Data to examine below:

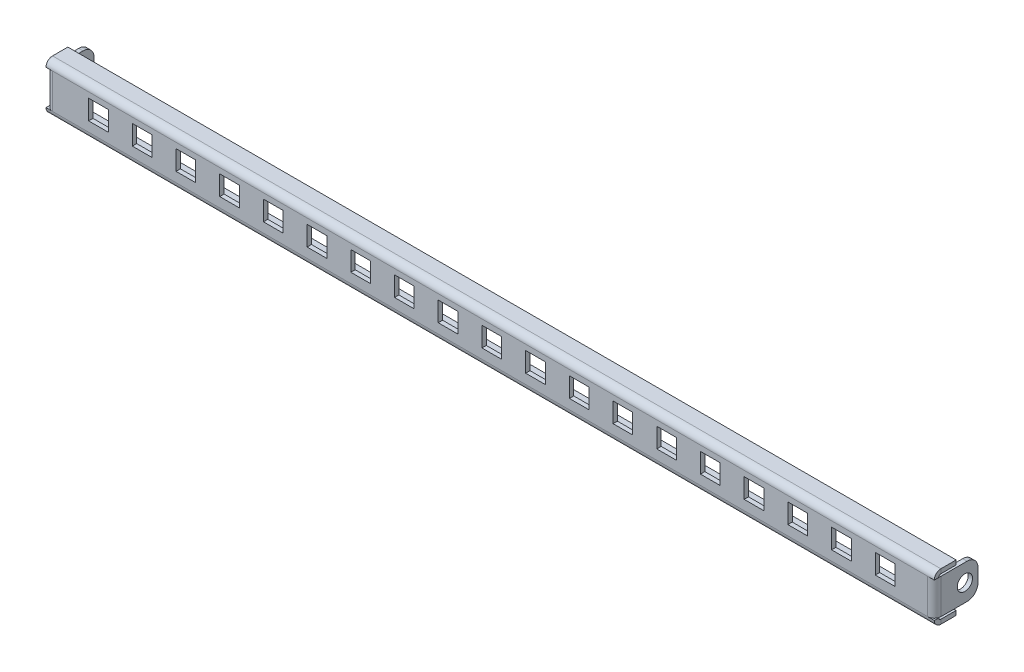
SolidWorks part; units mm, degrees
note: The reader was unsure of these and kept them because the rebuilt part matched: thickness of "基体-法兰1", "边线-法兰1", "边线-法兰2", "钣金6", "钣金7", "钣金8", "钣金9", "钣金10", "钣金11"; flange length of "边线-法兰1", "边线-法兰2".
material "普通碳钢"
ref_plane "前视基准面" through (0, 0, 0) normal (0, 0, 1) x (1, 0, 0)
ref_plane "上视基准面" through (0, 0, 0) normal (0, 1, 0) x (1, 0, 0)
ref_plane "右视基准面" through (0, 0, 0) normal (1, 0, 0) x (0, 0, -1)
sketch "草图1" plane through (0, 0, 0) normal (0, 0, 1) x (1, 0, 0)
  line L1 (-203.25, 11) -> (203.25, 11)
  line L2 (-203.25, 11) -> (-203.25, -11)
  line L3 (-203.25, -11) -> (203.25, -11)
  line L4 (203.25, 11) -> (203.25, -11)
  line L5 (-203.25, 11) -> (203.25, -11) construction
  line L6 (-203.25, -11) -> (203.25, 11) construction
  point P0 (0, 0)
  dimension "D1" = 406.5
  dimension "D2" = 22
base flange "基体-法兰1" sketch "草图1" thickness 2 reverse thickness direction no parameters "D1"=1
edge flange "边线-法兰1" sketch "草图10" flange profiles "草图10", "草图11" flange angle 90 flange length 10 flange position material inside bend radius 1 thickness 2 relief rectangular parameters "D6"=10, "D8"=0.2
sketch "草图10" plane through (0, -11, -2) normal (0, 1, 0) x (1, 0, 0)
  line L1 (203.25, 0) -> (-203.25, 0) construction
  line L2 (-203.25, 0) -> (-203.25, 8)
  line L3 (-203.25, 8) -> (203.25, 8)
  line L4 (203.25, 8) -> (203.25, 0)
  line L5 (203.25, 0) -> (-203.25, 0)
  dimension "D1" = 8
sketch "草图11" plane through (0, 11, -2) normal (0, -1, 0) x (-1, 0, 0)
  line L0 (203.25, 0) -> (-203.25, 0) construction
  line L1 (203.25, 0) -> (-203.25, 0)
  line L2 (203.25, 0) -> (203.25, 8)
  line L3 (203.25, 8) -> (-203.25, 8)
  line L4 (-203.25, 8) -> (-203.25, 0)
bend "边线折弯1" bend radius 1 bend angle 90 parameters "D5"=1
bend "边线折弯2" bend radius 1 bend angle 90 parameters "D5"=2
edge flange "边线-法兰2" sketch "草图16" flange profiles "草图16", "草图17" flange angle 90 flange length 20 flange position material inside bend radius 1 thickness 2 relief none parameters "D6"=10, "D8"=0.2
sketch "草图16" plane through (-203.25, 0, -2) normal (1, 0, 0) x (0, -1, 0)
  line L1 (8, 0) -> (-8, 0) construction
  line L2 (-8, 0) -> (-8, 18)
  line L3 (-8, 18) -> (8, 18)
  line L4 (8, 18) -> (8, 0)
  line L5 (8, 0) -> (-8, 0)
  dimension "D1" = 18
sketch "草图17" plane through (203.25, 0, -2) normal (-1, 0, 0) x (0, 1, 0)
  line L0 (8, 0) -> (-8, 0) construction
  line L1 (8, 0) -> (-8, 0)
  line L2 (8, 0) -> (8, 18)
  line L3 (8, 18) -> (-8, 18)
  line L4 (-8, 18) -> (-8, 0)
bend "边线折弯3" bend radius 1 bend angle 90 parameters "D5"=3
bend "边线折弯4" bend radius 1 bend angle 90 parameters "D5"=4
sketch "草图18" plane through (0, 0, 0) normal (0, 0, 1) x (1, 0, 0)
  line L0 (203.25, 11) -> (-203.25, 11) construction
  line L5 (-183.75, 5.5) -> (-174.75, 5.5)
  line L6 (-183.75, 5.5) -> (-183.75, -3.5)
  line L7 (-183.75, -3.5) -> (-174.75, -3.5)
  line L8 (-174.75, 5.5) -> (-174.75, -3.5)
  line L9 (-183.75, 5.5) -> (-174.75, -3.5) construction
  line L10 (-183.75, -3.5) -> (-174.75, 5.5) construction
  line L12 (0, 0) -> (0, 52.0184) construction
  line L13 (-203.25, -8) -> (-203.25, 8) construction
  point P0 (-179.25, 1)
  dimension "D1" = 19.5
  dimension "D2" = 9
  dimension "D3" = 9
  dimension "D4" = 10
extrude "切除-拉伸1" cut sketch "草图18" against normal blind 10 normal cut yes
pattern_linear "阵列(线性)1" count 19 spacing 20 along (1, 0, 0) of "切除-拉伸1"
fillet "圆角1" radius 5 4 edges at (202.25, -8, -20) (202.25, 8, -20) (-202.25, 8, -20) (-202.25, -8, -20)
sketch "草图19" plane through (203.25, 0, 0) normal (1, 0, 0) x (0, 0, -1)
  line L0 (-6.0129, 0) -> (22.4684, 0) construction
  line L1 (20, 3) -> (20, -3) construction
  circle A1 centre (14, 0) radius 3.5
  dimension "D3" = 7
  dimension "D4" = 6
extrude "切除-拉伸2" cut sketch "草图19" against normal through all normal cut yes
sketch "折弯-线1" [suppressed] plane through (0, 0, 0) normal (0, 1, 0) x (1, 0, 0)
sketch "边界框1" [suppressed] plane through (0, 0, 0) normal (0, 1, 0) x (1, 0, 0)
sheet metal parameters "钣金6" thickness 2 parameters "D1"=1, "D7"=1
flat pattern "平板型式6" [suppressed]
sketch "折弯-线2" plane through (0, 0, 0) normal (0, 1, 0) x (1, 0, 0)
sketch "边界框2" [suppressed] plane through (0, 0, 0) normal (0, 1, 0) x (1, 0, 0)
sheet metal parameters "钣金7" thickness 2 parameters "D1"=1, "D7"=1
flat pattern "平板型式6" [suppressed]
sketch "折弯-线2" plane through (0, 0, 0) normal (0, 1, 0) x (1, 0, 0)
sketch "边界框2" [suppressed] plane through (0, 0, 0) normal (0, 1, 0) x (1, 0, 0)
bend of the flat pattern "展开-<边线折弯1>1"
bend of the flat pattern "展开-<边线折弯2>1"
sheet metal parameters "钣金8" thickness 2 parameters "D1"=1, "D7"=1
flat pattern "平板型式6" [suppressed]
sketch "折弯-线2" plane through (0, 0, 0) normal (0, 1, 0) x (1, 0, 0)
sketch "边界框2" [suppressed] plane through (0, 0, 0) normal (0, 1, 0) x (1, 0, 0)
bend of the flat pattern "展开-<边线折弯1>1"
bend of the flat pattern "展开-<边线折弯2>1"
bend of the flat pattern "展开-<边线折弯3>1"
bend of the flat pattern "展开-<边线折弯4>1"
sheet metal parameters "钣金9" thickness 2 parameters "D1"=1, "D7"=1
flat pattern "平板型式6" [suppressed]
sketch "折弯-线2" plane through (0, 0, 0) normal (0, 1, 0) x (1, 0, 0)
sketch "边界框2" [suppressed] plane through (0, 0, 0) normal (0, 1, 0) x (1, 0, 0)
bend of the flat pattern "展开-<边线折弯1>1"
bend of the flat pattern "展开-<边线折弯2>1"
bend of the flat pattern "展开-<边线折弯3>1"
bend of the flat pattern "展开-<边线折弯4>1"
sheet metal parameters "钣金10" thickness 2 parameters "D1"=1, "D7"=1
flat pattern "平板型式6"
sketch "折弯-线2" plane through (0, 0, 0) normal (0, 0, 1) x (1, 0, 0)
  line L0 (294.1, -47.5) -> (294.1, 47.5) construction
  line L1 (-294.1, 47.5) -> (-294.1, -47.5) construction
  line L2 (295, 49.1) -> (-295, 49.1) construction
  line L3 (-295, -49.1) -> (295, -49.1) construction
  line L4 (294.1, -47.5) -> (294.1, 47.5) construction
  line L5 (-294.1, 47.5) -> (-294.1, -47.5) construction
  line L6 (295, 49.1) -> (-295, 49.1) construction
  line L7 (-295, -49.1) -> (295, -49.1) construction
sketch3d "边界框2" [suppressed]
  line L0 (-313.2, -56.2, 0) -> (313.2, -56.2, 0) construction
  line L1 (-313.2, 56.2, 0) -> (313.2, 56.2, 0) construction
  line L2 (-313.2, -56.2, 0) -> (-313.2, 56.2, 0) construction
  line L3 (313.2, -56.2, 0) -> (313.2, 56.2, 0) construction
bend of the flat pattern "展开-<边线折弯1>1"
bend of the flat pattern "展开-<边线折弯2>1"
bend of the flat pattern "展开-<边线折弯3>1"
bend of the flat pattern "展开-<边线折弯4>1"
sheet metal parameters "钣金11" thickness 2 parameters "D1"=1, "D7"=1
flat pattern "平板型式6"
sketch "折弯-线2" plane through (0, 0, 0) normal (0, 0, 1) x (1, 0, 0)
  line L0 (294.1, -47.5) -> (294.1, 47.5) construction
  line L1 (-294.1, 47.5) -> (-294.1, -47.5) construction
  line L2 (295, 49.1) -> (-295, 49.1) construction
  line L3 (-295, -49.1) -> (295, -49.1) construction
  line L4 (294.1, -47.5) -> (294.1, 47.5) construction
  line L5 (-294.1, 47.5) -> (-294.1, -47.5) construction
  line L6 (295, 49.1) -> (-295, 49.1) construction
  line L7 (-295, -49.1) -> (295, -49.1) construction
sketch3d "边界框2" [suppressed]
  line L0 (-313.2, -56.2, 0) -> (313.2, -56.2, 0) construction
  line L1 (-313.2, 56.2, 0) -> (313.2, 56.2, 0) construction
  line L2 (-313.2, -56.2, 0) -> (-313.2, 56.2, 0) construction
  line L3 (313.2, -56.2, 0) -> (313.2, 56.2, 0) construction
bend of the flat pattern "展开-<边线折弯1>1"
bend of the flat pattern "展开-<边线折弯2>1"
bend of the flat pattern "展开-<边线折弯3>1"
bend of the flat pattern "展开-<边线折弯4>1"
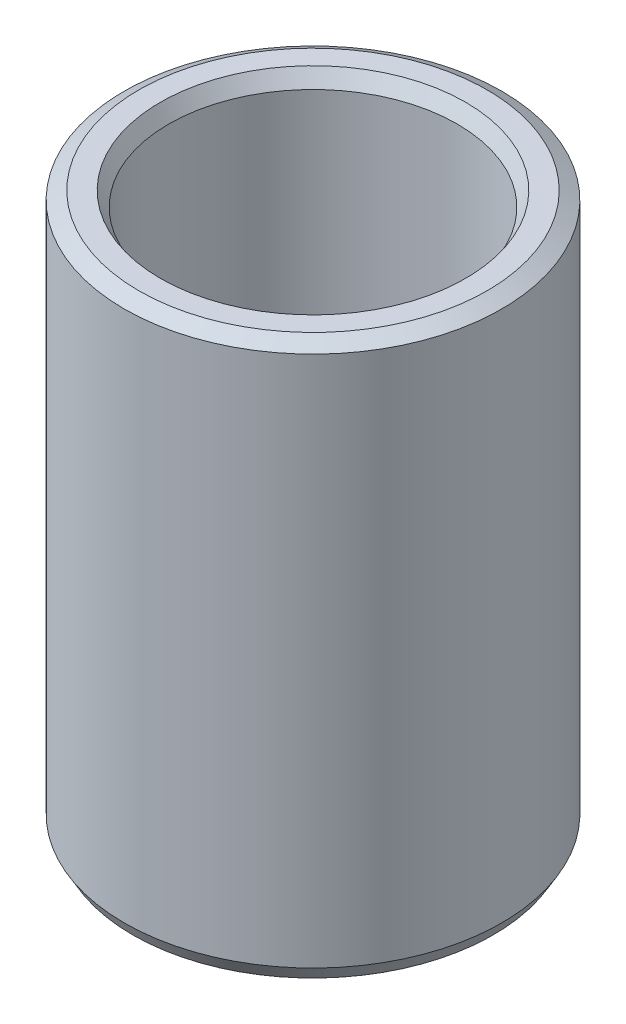
SolidWorks part; units mm, degrees
ref_plane "Front Plane" through (0, 0, 0) normal (0, 0, 1) x (1, 0, 0)
ref_plane "Top Plane" through (0, 0, 0) normal (0, 1, 0) x (1, 0, 0)
ref_plane "Right Plane" through (0, 0, 0) normal (1, 0, 0) x (0, 0, -1)
sketch "Sketch1" plane through (0, 0, 0) normal (0, 1, 0) x (1, 0, 0)
  circle A0 centre (0, 0) radius 25
  dimension "SLEEVE_OD" = 50
extrude "Boss-Extrude1" add sketch "Sketch1" along normal blind 73.4862
sketch "Sketch2" plane through (0, 0, 0) normal (0, 1, 0) x (1, 0, 0)
  circle A0 centre (0, 0) radius 19.0989
  dimension "BORE_D" = 38.1977
extrude "Cut-Extrude1" cut sketch "Sketch2" along normal through all
chamfer "Chamfer1" distance 1.1183 angle 60 4 edges at (0, 73.4862, 19.0989) (0, 0, 19.0989) (0, 0, 25) (0, 73.4862, 25) first distance on face at (0, 73.4862, 19.0989) first distance on face at (0, 0, 19.0989) first distance on face at (0, 73.4862, 25)
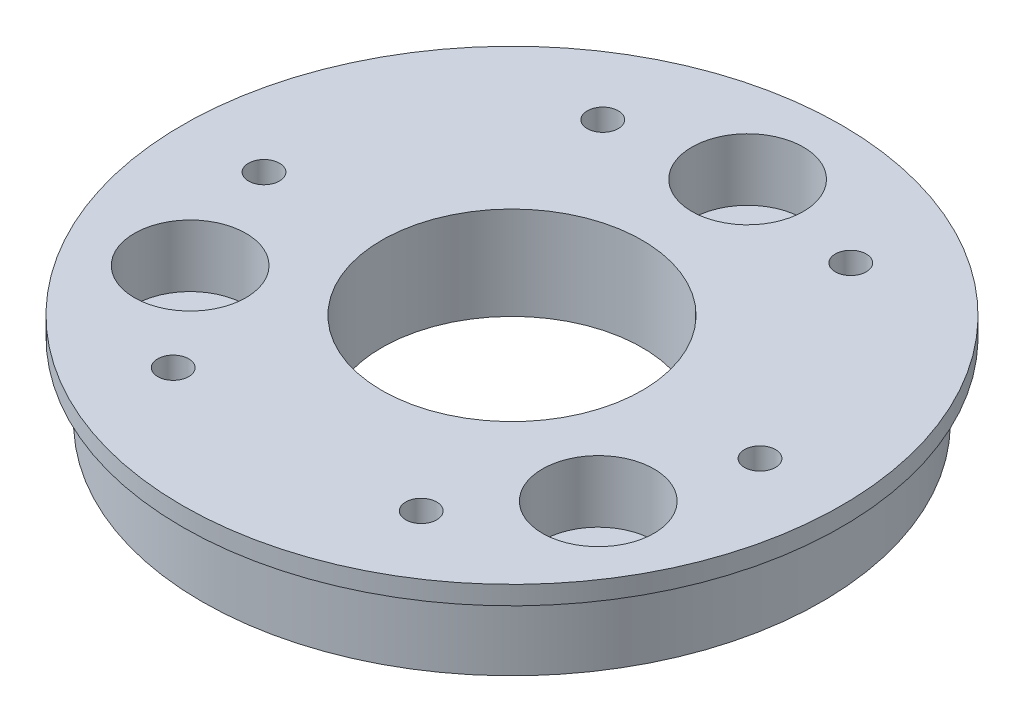
SolidWorks part; units mm, degrees
ref_plane "Front Plane" through (0, 0, 0) normal (0, 0, 1) x (1, 0, 0)
ref_plane "Top Plane" through (0, 0, 0) normal (0, 1, 0) x (1, 0, 0)
ref_plane "Right Plane" through (0, 0, 0) normal (1, 0, 0) x (0, 0, -1)
sketch "Sketch1" plane through (0, 0, 0) normal (0, 1, 0) x (1, 0, 0)
  circle A0 centre (0, 0) radius 25
  dimension "D1" = 50
extrude "Boss-Extrude1" add sketch "Sketch1" along normal blind 6
sketch "Sketch2" plane through (0, 6, 0) normal (0, 1, 0) x (1, 0, 0)
  circle A0 centre (0, 0) radius 10.5
  dimension "D1" = 21
extrude "Cut-Extrude1" cut sketch "Sketch2" against normal up to next
sketch "Sketch3" plane through (0, 6, 0) normal (0, 1, 0) x (1, 0, 0)
  circle A0 centre (0, 0) radius 19 construction
  circle A1 centre (0, 19) radius 2.5
  circle A2 centre (16.4545, 9.5) radius 2.5
  circle A3 centre (16.4545, -9.5) radius 2.5
  circle A4 centre (0, -19) radius 2.5
  circle A5 centre (-16.4545, -9.5) radius 2.5
  circle A6 centre (-16.4545, 9.5) radius 2.5
  point P17 (0, 0)
  dimension "D1" = 38
  dimension "D2" = 5
  dimension "D3" = 6
extrude "Cut-Extrude2" cut sketch "Sketch3" against normal through all
ref_axis "Axis1" through (0, 0, 0) along (0, 1, 0)
sketch "Sketch5" plane through (0, 6, 0) normal (0, 1, 0) x (1, 0, 0)
  circle A0 centre (0, 0) radius 20 construction
  circle A1 centre (20, 0) radius 1.25
  circle A2 centre (10, -17.3205) radius 1.25
  circle A3 centre (-10, -17.3205) radius 1.25
  circle A4 centre (-20, 0) radius 1.25
  circle A5 centre (-10, 17.3205) radius 1.25
  circle A6 centre (10, 17.3205) radius 1.25
  point P18 (0, 0)
  dimension "D1" = 40
  dimension "D2" = 2.5
  dimension "D3" = 6
extrude "Cut-Extrude3" cut sketch "Sketch5" against normal blind 4
sketch "Sketch6" plane through (0, 6, 0) normal (0, 1, 0) x (1, 0, 0)
  circle A0 centre (0, 0) radius 26.5767
  circle A1 centre (0, 0) radius 10.5 construction
  circle A2 centre (0, 0) radius 10.5
  circle A3 centre (10, -17.3205) radius 1.25 construction
  circle A4 centre (10, -17.3205) radius 1.25
  circle A5 centre (-10, -17.3205) radius 1.25 construction
  circle A6 centre (-10, -17.3205) radius 1.25
  circle A7 centre (-20, 0) radius 1.25 construction
  circle A8 centre (-10, 17.3205) radius 1.25 construction
  circle A9 centre (10, 17.3205) radius 1.25 construction
  circle A10 centre (20, 0) radius 1.25 construction
  circle A11 centre (-20, 0) radius 1.25
  circle A12 centre (-10, 17.3205) radius 1.25
  circle A13 centre (10, 17.3205) radius 1.25
  circle A14 centre (20, 0) radius 1.25
extrude "Boss-Extrude2" add sketch "Sketch6" along normal blind 1.5
sketch "Sketch7" plane through (0, 7.5, 0) normal (0, 1, 0) x (1, 0, 0)
  circle A0 centre (0, 19) radius 2.5 construction
  circle A1 centre (-16.4545, -9.5) radius 2.5 construction
  circle A2 centre (16.4545, -9.5) radius 2.5 construction
  circle A3 centre (0, 19) radius 2.5 construction
  circle A4 centre (-16.4545, -9.5) radius 2.5 construction
  circle A5 centre (16.4545, -9.5) radius 2.5 construction
  circle A6 centre (16.4545, -9.5) radius 4.5
  circle A7 centre (-16.4545, -9.5) radius 4.5
  circle A8 centre (0, 19) radius 4.5
  dimension "D1" = 9
extrude "Cut-Extrude4" cut sketch "Sketch7" against normal blind 5
sketch "Sketch8" plane through (0, 6, 0) normal (0, -1, 0) x (1, 0, 0)
  circle A0 centre (0, 19) radius 2.5 construction
  circle A1 centre (16.4545, -9.5) radius 2.5 construction
  circle A2 centre (0, 19) radius 2.5
  circle A3 centre (16.4545, -9.5) radius 2.5
  circle A5 centre (-16.4545, -9.5) radius 2.5
  circle A6 centre (-16.4545, -9.5) radius 2.5
  dimension "D1" = 0
extrude "Boss-Extrude3" add sketch "Sketch8" along normal blind 3
hole_wizard "M3x0.5 Tapped Hole1" positions "Sketch9" profile "Sketch10" tap size "M3x0.5" standard "ANSI Metric"
sketch "Sketch9" plane through (0, 7.5, 0) normal (0, 1, 0) x (1, 0, 0)
  point P0 (-10, 17.3205)
  point P3 (-20, 0)
  point P6 (-10, -17.3205)
  point P9 (10, 17.3205)
  point P12 (20, 0)
  point P15 (10, -17.3205)
cosmetic thread "Hole Thread1" parameters "D1"=4.6, "D2"=8.5
cosmetic thread "Hole Thread2" parameters "D1"=4.6, "D2"=8.5
cosmetic thread "Hole Thread3" parameters "D1"=4.6, "D2"=8.5
cosmetic thread "Hole Thread4" parameters "D1"=4.6, "D2"=8.5
cosmetic thread "Hole Thread5" parameters "D1"=4.6, "D2"=8.5
cosmetic thread "Hole Thread6" parameters "D1"=4.6, "D2"=8.5
sketch "Sketch10" plane through (-10, 7.5, -17.3205) normal (1, 0, 0) x (0, 0, 1)
  line L0 (0, 0) -> (0, 5.7511)
  line L1 (0, 5.7511) -> (1.25, 5)
  line L2 (1.25, 5) -> (1.25, 0)
  line L5 (1.25, 0) -> (0, 0)
  line L10 (0, 5.7511) -> (-1.25, 5) construction
  line L11 (0, -6.35) -> (0, 107.95) construction
  dimension "Tap Drill Dia." = 2.5
  dimension "Tap Drill Depth" = 5
  dimension "Drill Angle" = 118
equation "\"Output Pin Diameter\"= 38"
equation "\"D1@Sketch3\"=\"Output Pin Diameter\""
equation "\"Pin Diameter\"=5"
equation "\"D2@Sketch3\"=\"Pin Diameter\""
equation "\"Outer Diameter\"= 50"
equation "\"D1@Sketch1\"=\"Outer Diameter\""
equation "\"Inner Diameter\"= 21"
equation "\"D1@Sketch2\"=\"Inner Diameter\""
equation "\"Margin\"= 0.5"

End of Data to examine.

**What is expected:** Restate word for word only the lines above from the line containing "circle A0 centre (0, 0) radius 19 construction" to the line containing "circle A1 centre (-16.4545, -9.5)", both of them included.

**Your response:**
  circle A0 centre (0, 0) radius 19 construction
  circle A1 centre (0, 19) radius 2.5
  circle A2 centre (16.4545, 9.5) radius 2.5
  circle A3 centre (16.4545, -9.5) radius 2.5
  circle A4 centre (0, -19) radius 2.5
  circle A5 centre (-16.4545, -9.5) radius 2.5
  circle A6 centre (-16.4545, 9.5) radius 2.5
  point P17 (0, 0)
  dimension "D1" = 38
  dimension "D2" = 5
  dimension "D3" = 6
extrude "Cut-Extrude2" cut sketch "Sketch3" against normal through all
ref_axis "Axis1" through (0, 0, 0) along (0, 1, 0)
sketch "Sketch5" plane through (0, 6, 0) normal (0, 1, 0) x (1, 0, 0)
  circle A0 centre (0, 0) radius 20 construction
  circle A1 centre (20, 0) radius 1.25
  circle A2 centre (10, -17.3205) radius 1.25
  circle A3 centre (-10, -17.3205) radius 1.25
  circle A4 centre (-20, 0) radius 1.25
  circle A5 centre (-10, 17.3205) radius 1.25
  circle A6 centre (10, 17.3205) radius 1.25
  point P18 (0, 0)
  dimension "D1" = 40
  dimension "D2" = 2.5
  dimension "D3" = 6
extrude "Cut-Extrude3" cut sketch "Sketch5" against normal blind 4
sketch "Sketch6" plane through (0, 6, 0) normal (0, 1, 0) x (1, 0, 0)
  circle A0 centre (0, 0) radius 26.5767
  circle A1 centre (0, 0) radius 10.5 construction
  circle A2 centre (0, 0) radius 10.5
  circle A3 centre (10, -17.3205) radius 1.25 construction
  circle A4 centre (10, -17.3205) radius 1.25
  circle A5 centre (-10, -17.3205) radius 1.25 construction
  circle A6 centre (-10, -17.3205) radius 1.25
  circle A7 centre (-20, 0) radius 1.25 construction
  circle A8 centre (-10, 17.3205) radius 1.25 construction
  circle A9 centre (10, 17.3205) radius 1.25 construction
  circle A10 centre (20, 0) radius 1.25 construction
  circle A11 centre (-20, 0) radius 1.25
  circle A12 centre (-10, 17.3205) radius 1.25
  circle A13 centre (10, 17.3205) radius 1.25
  circle A14 centre (20, 0) radius 1.25
extrude "Boss-Extrude2" add sketch "Sketch6" along normal blind 1.5
sketch "Sketch7" plane through (0, 7.5, 0) normal (0, 1, 0) x (1, 0, 0)
  circle A0 centre (0, 19) radius 2.5 construction
  circle A1 centre (-16.4545, -9.5) radius 2.5 construction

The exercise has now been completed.